● **Supplied records**
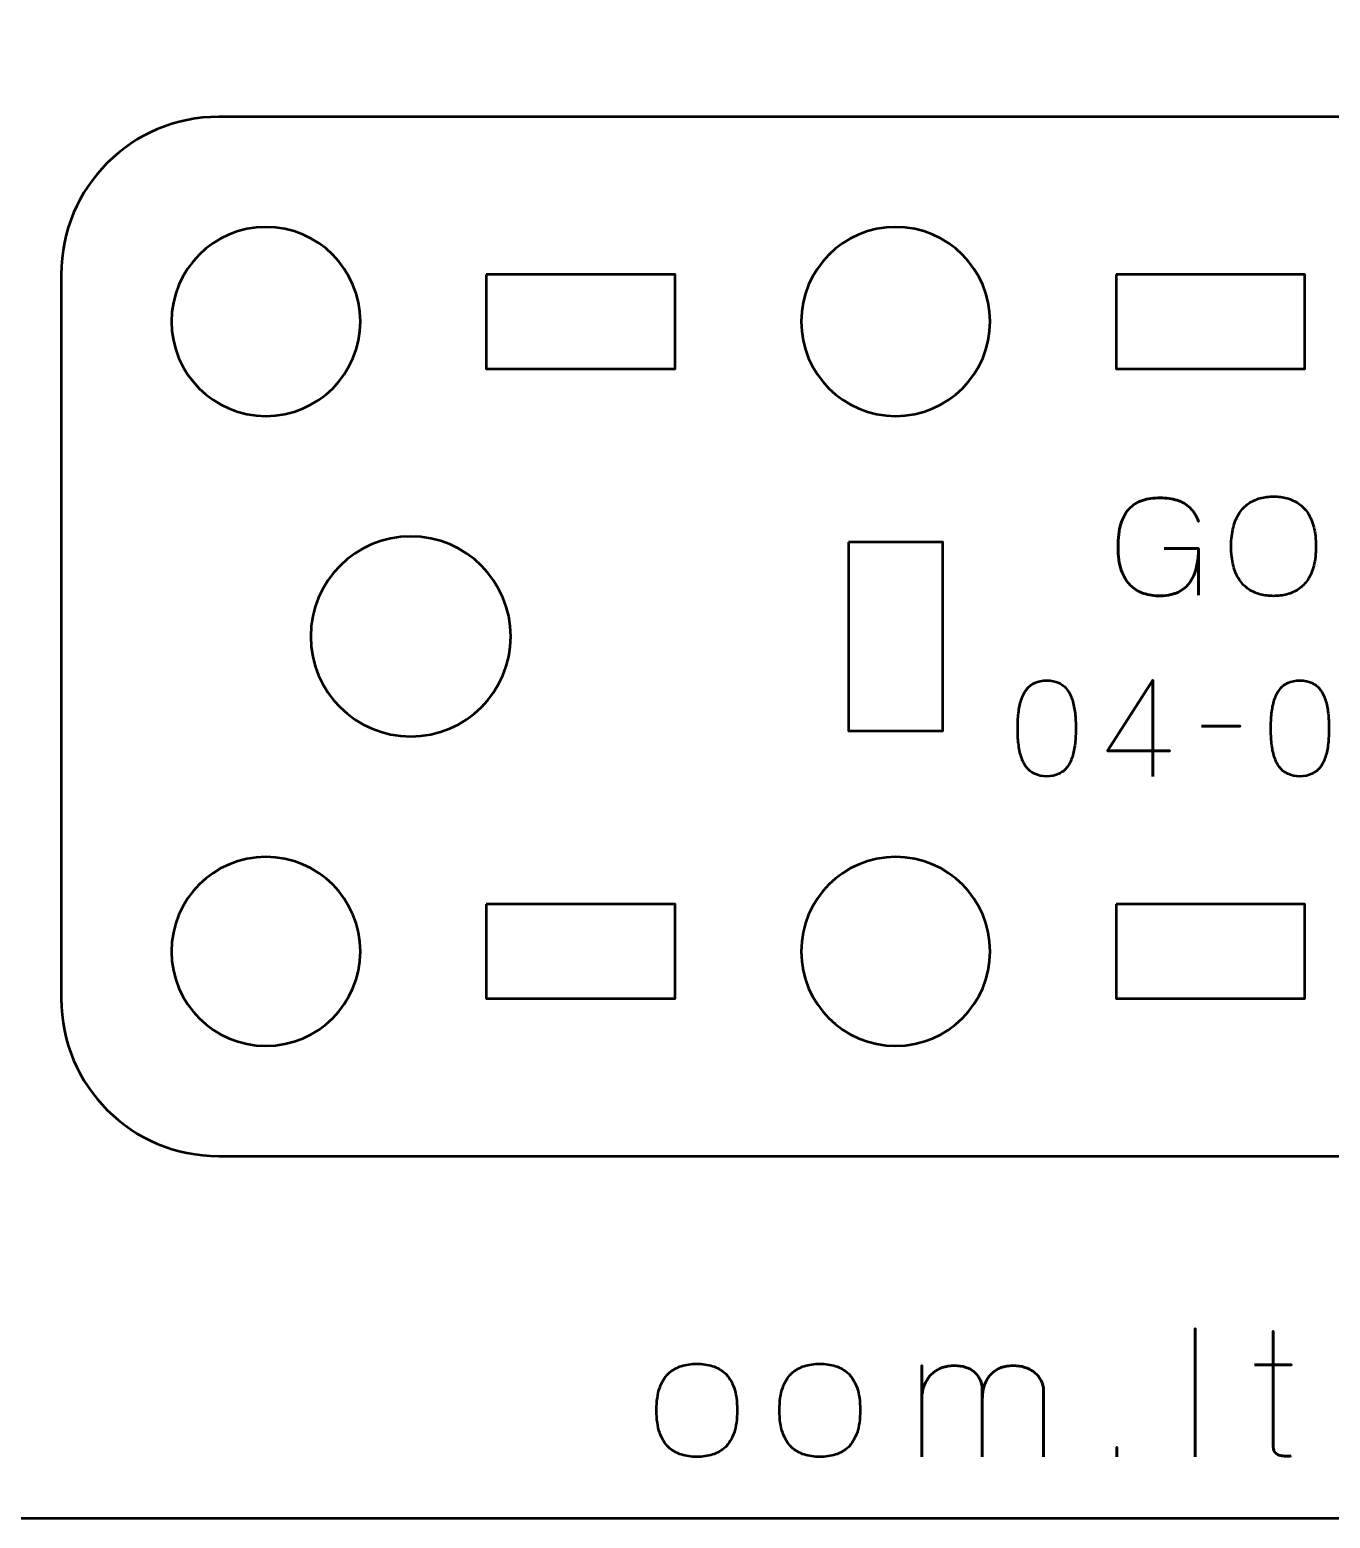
# Model space of a CAD drawing. Header units: centimetres. Extents: x -18.1 to -2.9, y -25.3 to -4.3.
# Drawn here: x -10.5 to -6.37, y -25.35 to -20.623 of the extents above; entities that cross this region are included whole.
import ezdxf

# ---------------------------------------------------------------- set-up
doc = ezdxf.new("R2010")
doc.units = ezdxf.units.CM
doc.header["$MEASUREMENT"] = 0
doc.layers.add('Layer 1', color=7, linetype='Continuous')

msp = doc.modelspace()

# ---------------------------------------------------------------- linework, layer by layer
at = {"layer": 'Layer 1', "color": 22, "lineweight": 53}
msp.add_open_spline([(-18.10003, -24.8499), (-18.10003, -24.8499), (-18.10003, -4.84994), (-18.10003, -4.84994), (-18.10003, -4.84994), (-18.10003, -4.57297), (-17.87694, -4.34998), (-17.59994, -4.34998), (-17.59994, -4.34998), (-17.59994, -4.34998), (-3.40007, -4.34998), (-3.40007, -4.34998), (-3.40007, -4.34998), (-3.12293, -4.34998), (-2.89997, -4.57297), (-2.89997, -4.84994), (-2.89997, -4.84994), (-2.89997, -4.84994), (-2.89997, -24.8499), (-2.89997, -24.8499), (-2.89997, -24.8499), (-2.89997, -25.1269), (-3.12293, -25.34999), (-3.40007, -25.34999), (-3.40007, -25.34999), (-3.40007, -25.34999), (-17.59994, -25.34999), (-17.59994, -25.34999), (-17.59994, -25.34999), (-17.87694, -25.34999), (-18.10003, -25.1269), (-18.10003, -24.8499)], degree=3, knots=[0, 0, 0, 0, 0.125, 0.125, 0.125, 0.125, 0.25, 0.25, 0.25, 0.25, 0.375, 0.375, 0.375, 0.375, 0.5, 0.5, 0.5, 0.5, 0.625, 0.625, 0.625, 0.625, 0.75, 0.75, 0.75, 0.75, 0.875, 0.875, 0.875, 0.875, 1, 1, 1, 1], dxfattribs=at)
at = {"layer": 'Layer 1', "color": 2, "lineweight": 53}
msp.add_open_spline([(-9.89992, -20.9), (-9.89992, -20.9), (-3.59996, -20.9), (-3.59996, -20.9), (-3.59996, -20.9), (-3.32299, -20.9), (-3.1, -21.1231), (-3.1, -21.4001), (-3.1, -21.4001), (-3.1, -21.4001), (-3.1, -23.70002), (-3.1, -23.70002), (-3.1, -23.70002), (-3.1, -23.97703), (-3.32299, -24.19998), (-3.59996, -24.19998), (-3.59996, -24.19998), (-3.59996, -24.19998), (-9.89992, -24.19998), (-9.89992, -24.19998), (-9.89992, -24.19998), (-10.17692, -24.19998), (-10.40001, -23.97703), (-10.40001, -23.70002), (-10.40001, -23.70002), (-10.40001, -23.70002), (-10.40001, -21.4001), (-10.40001, -21.4001), (-10.40001, -21.4001), (-10.40001, -21.1231), (-10.17692, -20.9), (-9.89992, -20.9)], degree=3, knots=[0, 0, 0, 0, 0.125, 0.125, 0.125, 0.125, 0.25, 0.25, 0.25, 0.25, 0.375, 0.375, 0.375, 0.375, 0.5, 0.5, 0.5, 0.5, 0.625, 0.625, 0.625, 0.625, 0.75, 0.75, 0.75, 0.75, 0.875, 0.875, 0.875, 0.875, 1, 1, 1, 1], dxfattribs=at)
at = {"layer": 'Layer 1', "color": 250, "lineweight": 53}
for points in [[(-9.44998, -21.55003), (-9.44998, -21.7158), (-9.58421, -21.85003), (-9.74999, -21.85003), (-9.74999, -21.85003), (-9.91565, -21.85003), (-10.04999, -21.7158), (-10.04999, -21.55003), (-10.04999, -21.55003), (-10.04999, -21.38437), (-9.91565, -21.25003), (-9.74999, -21.25003), (-9.74999, -21.25003), (-9.58421, -21.25003), (-9.44998, -21.38437), (-9.44998, -21.55003)], [(-7.44992, -21.55003), (-7.44992, -21.7158), (-7.58429, -21.85003), (-7.74992, -21.85003), (-7.74992, -21.85003), (-7.91569, -21.85003), (-8.04992, -21.7158), (-8.04992, -21.55003), (-8.04992, -21.55003), (-8.04992, -21.38437), (-7.91569, -21.25003), (-7.74992, -21.25003), (-7.74992, -21.25003), (-7.58429, -21.25003), (-7.44992, -21.38437), (-7.44992, -21.55003)], [(-9.04997, -21.4001), (-9.04997, -21.4001), (-8.44997, -21.4001), (-8.44997, -21.4001), (-8.44997, -21.4001), (-8.44997, -21.4001), (-8.44997, -21.7001), (-8.44997, -21.7001), (-8.44997, -21.7001), (-8.44997, -21.7001), (-9.04997, -21.7001), (-9.04997, -21.7001), (-9.04997, -21.7001), (-9.04997, -21.7001), (-9.04997, -21.4001), (-9.04997, -21.4001)], [(-7.05001, -21.4001), (-7.05001, -21.4001), (-6.45001, -21.4001), (-6.45001, -21.4001), (-6.45001, -21.4001), (-6.45001, -21.4001), (-6.45001, -21.7001), (-6.45001, -21.7001), (-6.45001, -21.7001), (-6.45001, -21.7001), (-7.05001, -21.7001), (-7.05001, -21.7001), (-7.05001, -21.7001), (-7.05001, -21.7001), (-7.05001, -21.4001), (-7.05001, -21.4001)], [(-9.28998, -22.23249), (-9.11466, -22.23249), (-8.97248, -22.37467), (-8.97248, -22.54999), (-8.97248, -22.54999), (-8.97248, -22.72531), (-9.11466, -22.86749), (-9.28998, -22.86749), (-9.28998, -22.86749), (-9.4653, -22.86749), (-9.60748, -22.72531), (-9.60748, -22.54999), (-9.60748, -22.54999), (-9.60748, -22.37467), (-9.4653, -22.23249), (-9.28998, -22.23249)], [(-7.89999, -22.25005), (-7.89999, -22.25005), (-7.59999, -22.25005), (-7.59999, -22.25005), (-7.59999, -22.25005), (-7.59999, -22.25005), (-7.59999, -22.85004), (-7.59999, -22.85004), (-7.59999, -22.85004), (-7.59999, -22.85004), (-7.89999, -22.85004), (-7.89999, -22.85004), (-7.89999, -22.85004), (-7.89999, -22.85004), (-7.89999, -22.25005), (-7.89999, -22.25005)], [(-9.44998, -23.55009), (-9.44998, -23.71572), (-9.58421, -23.8501), (-9.74999, -23.8501), (-9.74999, -23.8501), (-9.91565, -23.8501), (-10.04999, -23.71572), (-10.04999, -23.55009), (-10.04999, -23.55009), (-10.04999, -23.38432), (-9.91565, -23.25009), (-9.74999, -23.25009), (-9.74999, -23.25009), (-9.58421, -23.25009), (-9.44998, -23.38432), (-9.44998, -23.55009)], [(-7.44992, -23.55009), (-7.44992, -23.71572), (-7.58429, -23.8501), (-7.74992, -23.8501), (-7.74992, -23.8501), (-7.91569, -23.8501), (-8.04992, -23.71572), (-8.04992, -23.55009), (-8.04992, -23.55009), (-8.04992, -23.38432), (-7.91569, -23.25009), (-7.74992, -23.25009), (-7.74992, -23.25009), (-7.58429, -23.25009), (-7.44992, -23.38432), (-7.44992, -23.55009)], [(-9.04997, -23.40002), (-9.04997, -23.40002), (-8.44997, -23.40002), (-8.44997, -23.40002), (-8.44997, -23.40002), (-8.44997, -23.40002), (-8.44997, -23.70002), (-8.44997, -23.70002), (-8.44997, -23.70002), (-8.44997, -23.70002), (-9.04997, -23.70002), (-9.04997, -23.70002), (-9.04997, -23.70002), (-9.04997, -23.70002), (-9.04997, -23.40002), (-9.04997, -23.40002)], [(-7.05001, -23.40002), (-7.05001, -23.40002), (-6.45001, -23.40002), (-6.45001, -23.40002), (-6.45001, -23.40002), (-6.45001, -23.40002), (-6.45001, -23.70002), (-6.45001, -23.70002), (-6.45001, -23.70002), (-6.45001, -23.70002), (-7.05001, -23.70002), (-7.05001, -23.70002), (-7.05001, -23.70002), (-7.05001, -23.70002), (-7.05001, -23.40002), (-7.05001, -23.40002)]]:
    msp.add_open_spline(points, degree=3, knots=[0, 0, 0, 0, 0.25, 0.25, 0.25, 0.25, 0.5, 0.5, 0.5, 0.5, 0.75, 0.75, 0.75, 0.75, 1, 1, 1, 1], dxfattribs=at)
at = {"layer": 'Layer 1', "color": 30, "lineweight": 53}
for points, knots in [([(-6.8969, -22.27083), (-6.8969, -22.27083), (-6.78811, -22.27083), (-6.78811, -22.27083), (-6.78811, -22.27083), (-6.78825, -22.30548), (-6.79319, -22.33391), (-6.80307, -22.35606), (-6.80307, -22.35606), (-6.81294, -22.37829), (-6.82691, -22.39466), (-6.84512, -22.40531), (-6.84512, -22.40531), (-6.86332, -22.4159), (-6.88491, -22.42119), (-6.91003, -22.42112), (-6.91003, -22.42112), (-6.92887, -22.42119), (-6.94636, -22.41858), (-6.96252, -22.41314), (-6.96252, -22.41314), (-6.97868, -22.40778), (-6.99286, -22.39903), (-7.005, -22.38697), (-7.005, -22.38697), (-7.01713, -22.3749), (-7.02666, -22.35896), (-7.03343, -22.33913), (-7.03343, -22.33913), (-7.0402, -22.31931), (-7.04366, -22.29496), (-7.0438, -22.26618), (-7.0438, -22.26618), (-7.04373, -22.23725), (-7.0407, -22.21284), (-7.0347, -22.1928), (-7.0347, -22.1928), (-7.02863, -22.17283), (-7.01988, -22.15675), (-7.00831, -22.14454), (-7.00831, -22.14454), (-6.99681, -22.13241), (-6.98277, -22.12359), (-6.96626, -22.11808), (-6.96626, -22.11808), (-6.94975, -22.11258), (-6.93105, -22.1099), (-6.91003, -22.10997), (-6.91003, -22.10997), (-6.89006, -22.1099), (-6.87214, -22.11237), (-6.85619, -22.11738), (-6.85619, -22.11738), (-6.84025, -22.12239), (-6.82656, -22.13043), (-6.81513, -22.14151), (-6.81513, -22.14151), (-6.80363, -22.15258), (-6.79467, -22.16719), (-6.78811, -22.18532), (-6.78811, -22.18532), (-6.79467, -22.16719), (-6.80363, -22.15258), (-6.81513, -22.14151), (-6.81513, -22.14151), (-6.82656, -22.13043), (-6.84025, -22.12239), (-6.85619, -22.11738), (-6.85619, -22.11738), (-6.87214, -22.11237), (-6.89006, -22.1099), (-6.91003, -22.10997), (-6.91003, -22.10997), (-6.93105, -22.1099), (-6.94975, -22.11258), (-6.96626, -22.11808), (-6.96626, -22.11808), (-6.98277, -22.12359), (-6.99681, -22.13241), (-7.00831, -22.14454), (-7.00831, -22.14454), (-7.01988, -22.15675), (-7.02863, -22.17283), (-7.0347, -22.1928), (-7.0347, -22.1928), (-7.0407, -22.21284), (-7.04373, -22.23725), (-7.0438, -22.26618), (-7.0438, -22.26618), (-7.04366, -22.29496), (-7.0402, -22.31931), (-7.03343, -22.33913), (-7.03343, -22.33913), (-7.02666, -22.35896), (-7.01713, -22.3749), (-7.005, -22.38697), (-7.005, -22.38697), (-6.99286, -22.39903), (-6.97868, -22.40778), (-6.96252, -22.41314), (-6.96252, -22.41314), (-6.94636, -22.41858), (-6.92887, -22.42119), (-6.91003, -22.42112), (-6.91003, -22.42112), (-6.88491, -22.42119), (-6.86332, -22.4159), (-6.84512, -22.40531), (-6.84512, -22.40531), (-6.82691, -22.39466), (-6.81294, -22.37829), (-6.80307, -22.35606), (-6.80307, -22.35606), (-6.79319, -22.33391), (-6.78825, -22.30548), (-6.78811, -22.27083), (-6.78811, -22.27083), (-6.78811, -22.27083), (-6.8969, -22.27083), (-6.8969, -22.27083)], [0, 0, 0, 0, 0.0333333, 0.0333333, 0.0333333, 0.0333333, 0.0666667, 0.0666667, 0.0666667, 0.0666667, 0.1, 0.1, 0.1, 0.1, 0.1333333, 0.1333333, 0.1333333, 0.1333333, 0.1666667, 0.1666667, 0.1666667, 0.1666667, 0.2, 0.2, 0.2, 0.2, 0.2333333, 0.2333333, 0.2333333, 0.2333333, 0.2666667, 0.2666667, 0.2666667, 0.2666667, 0.3, 0.3, 0.3, 0.3, 0.3333333, 0.3333333, 0.3333333, 0.3333333, 0.3666667, 0.3666667, 0.3666667, 0.3666667, 0.4, 0.4, 0.4, 0.4, 0.4333333, 0.4333333, 0.4333333, 0.4333333, 0.4666667, 0.4666667, 0.4666667, 0.4666667, 0.5, 0.5, 0.5, 0.5, 0.5333333, 0.5333333, 0.5333333, 0.5333333, 0.5666667, 0.5666667, 0.5666667, 0.5666667, 0.6, 0.6, 0.6, 0.6, 0.6333333, 0.6333333, 0.6333333, 0.6333333, 0.6666667, 0.6666667, 0.6666667, 0.6666667, 0.7, 0.7, 0.7, 0.7, 0.7333333, 0.7333333, 0.7333333, 0.7333333, 0.7666667, 0.7666667, 0.7666667, 0.7666667, 0.8, 0.8, 0.8, 0.8, 0.8333333, 0.8333333, 0.8333333, 0.8333333, 0.8666667, 0.8666667, 0.8666667, 0.8666667, 0.9, 0.9, 0.9, 0.9, 0.9333333, 0.9333333, 0.9333333, 0.9333333, 0.9666667, 0.9666667, 0.9666667, 0.9666667, 1, 1, 1, 1]), ([(-6.54977, -22.42154), (-6.53488, -22.42161), (-6.52077, -22.41985), (-6.5073, -22.41639), (-6.5073, -22.41639), (-6.49389, -22.41286), (-6.48162, -22.40736), (-6.4704, -22.39974), (-6.4704, -22.39974), (-6.45918, -22.39219), (-6.44944, -22.38224), (-6.44119, -22.36996), (-6.44119, -22.36996), (-6.43293, -22.35769), (-6.42658, -22.3428), (-6.42207, -22.3253), (-6.42207, -22.3253), (-6.41748, -22.30781), (-6.41522, -22.28741), (-6.41515, -22.26406), (-6.41515, -22.26406), (-6.41522, -22.24071), (-6.41748, -22.22032), (-6.42207, -22.20275), (-6.42207, -22.20275), (-6.42658, -22.18518), (-6.43293, -22.17022), (-6.44119, -22.15788), (-6.44119, -22.15788), (-6.44944, -22.14553), (-6.45918, -22.13551), (-6.4704, -22.12782), (-6.4704, -22.12782), (-6.48162, -22.12013), (-6.49389, -22.11456), (-6.5073, -22.11096), (-6.5073, -22.11096), (-6.52077, -22.10743), (-6.53488, -22.10567), (-6.54977, -22.10574), (-6.54977, -22.10574), (-6.56466, -22.10567), (-6.57877, -22.10743), (-6.59225, -22.11096), (-6.59225, -22.11096), (-6.60565, -22.11456), (-6.61793, -22.12013), (-6.62915, -22.12782), (-6.62915, -22.12782), (-6.64036, -22.13551), (-6.6501, -22.14553), (-6.65836, -22.15788), (-6.65836, -22.15788), (-6.66661, -22.17022), (-6.67296, -22.18518), (-6.67748, -22.20275), (-6.67748, -22.20275), (-6.68206, -22.22032), (-6.68432, -22.24071), (-6.68439, -22.26406), (-6.68439, -22.26406), (-6.68432, -22.28741), (-6.68206, -22.30781), (-6.67748, -22.3253), (-6.67748, -22.3253), (-6.67296, -22.3428), (-6.66661, -22.35769), (-6.65836, -22.36996), (-6.65836, -22.36996), (-6.6501, -22.38224), (-6.64036, -22.39219), (-6.62915, -22.39974), (-6.62915, -22.39974), (-6.61793, -22.40736), (-6.60565, -22.41286), (-6.59225, -22.41639), (-6.59225, -22.41639), (-6.57877, -22.41985), (-6.56466, -22.42161), (-6.54977, -22.42154)], [0, 0, 0, 0, 0.05, 0.05, 0.05, 0.05, 0.1, 0.1, 0.1, 0.1, 0.15, 0.15, 0.15, 0.15, 0.2, 0.2, 0.2, 0.2, 0.25, 0.25, 0.25, 0.25, 0.3, 0.3, 0.3, 0.3, 0.35, 0.35, 0.35, 0.35, 0.4, 0.4, 0.4, 0.4, 0.45, 0.45, 0.45, 0.45, 0.5, 0.5, 0.5, 0.5, 0.55, 0.55, 0.55, 0.55, 0.6, 0.6, 0.6, 0.6, 0.65, 0.65, 0.65, 0.65, 0.7, 0.7, 0.7, 0.7, 0.75, 0.75, 0.75, 0.75, 0.8, 0.8, 0.8, 0.8, 0.85, 0.85, 0.85, 0.85, 0.9, 0.9, 0.9, 0.9, 0.95, 0.95, 0.95, 0.95, 1, 1, 1, 1]), ([(-6.54977, -22.42154), (-6.53488, -22.42161), (-6.52077, -22.41985), (-6.5073, -22.41639), (-6.5073, -22.41639), (-6.49389, -22.41286), (-6.48162, -22.40736), (-6.4704, -22.39974), (-6.4704, -22.39974), (-6.45918, -22.39219), (-6.44944, -22.38224), (-6.44119, -22.36996), (-6.44119, -22.36996), (-6.43293, -22.35769), (-6.42658, -22.3428), (-6.42207, -22.3253), (-6.42207, -22.3253), (-6.41748, -22.30781), (-6.41522, -22.28741), (-6.41515, -22.26406), (-6.41515, -22.26406), (-6.41522, -22.24071), (-6.41748, -22.22032), (-6.42207, -22.20275), (-6.42207, -22.20275), (-6.42658, -22.18518), (-6.43293, -22.17022), (-6.44119, -22.15788), (-6.44119, -22.15788), (-6.44944, -22.14553), (-6.45918, -22.13551), (-6.4704, -22.12782), (-6.4704, -22.12782), (-6.48162, -22.12013), (-6.49389, -22.11456), (-6.5073, -22.11096), (-6.5073, -22.11096), (-6.52077, -22.10743), (-6.53488, -22.10567), (-6.54977, -22.10574), (-6.54977, -22.10574), (-6.56466, -22.10567), (-6.57877, -22.10743), (-6.59225, -22.11096), (-6.59225, -22.11096), (-6.60565, -22.11456), (-6.61793, -22.12013), (-6.62915, -22.12782), (-6.62915, -22.12782), (-6.64036, -22.13551), (-6.6501, -22.14553), (-6.65836, -22.15788), (-6.65836, -22.15788), (-6.66661, -22.17022), (-6.67296, -22.18518), (-6.67748, -22.20275), (-6.67748, -22.20275), (-6.68206, -22.22032), (-6.68432, -22.24071), (-6.68439, -22.26406), (-6.68439, -22.26406), (-6.68432, -22.28741), (-6.68206, -22.30781), (-6.67748, -22.3253), (-6.67748, -22.3253), (-6.67296, -22.3428), (-6.66661, -22.35769), (-6.65836, -22.36996), (-6.65836, -22.36996), (-6.6501, -22.38224), (-6.64036, -22.39219), (-6.62915, -22.39974), (-6.62915, -22.39974), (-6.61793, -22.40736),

● **Task objective**
Out of the preceding entries, pull every line containing the string "units".

● **Solution to the problem**
# Model space of a CAD drawing. Header units: centimetres. Extents: x -18.1 to -2.9, y -25.3 to -4.3.
doc.units = ezdxf.units.CM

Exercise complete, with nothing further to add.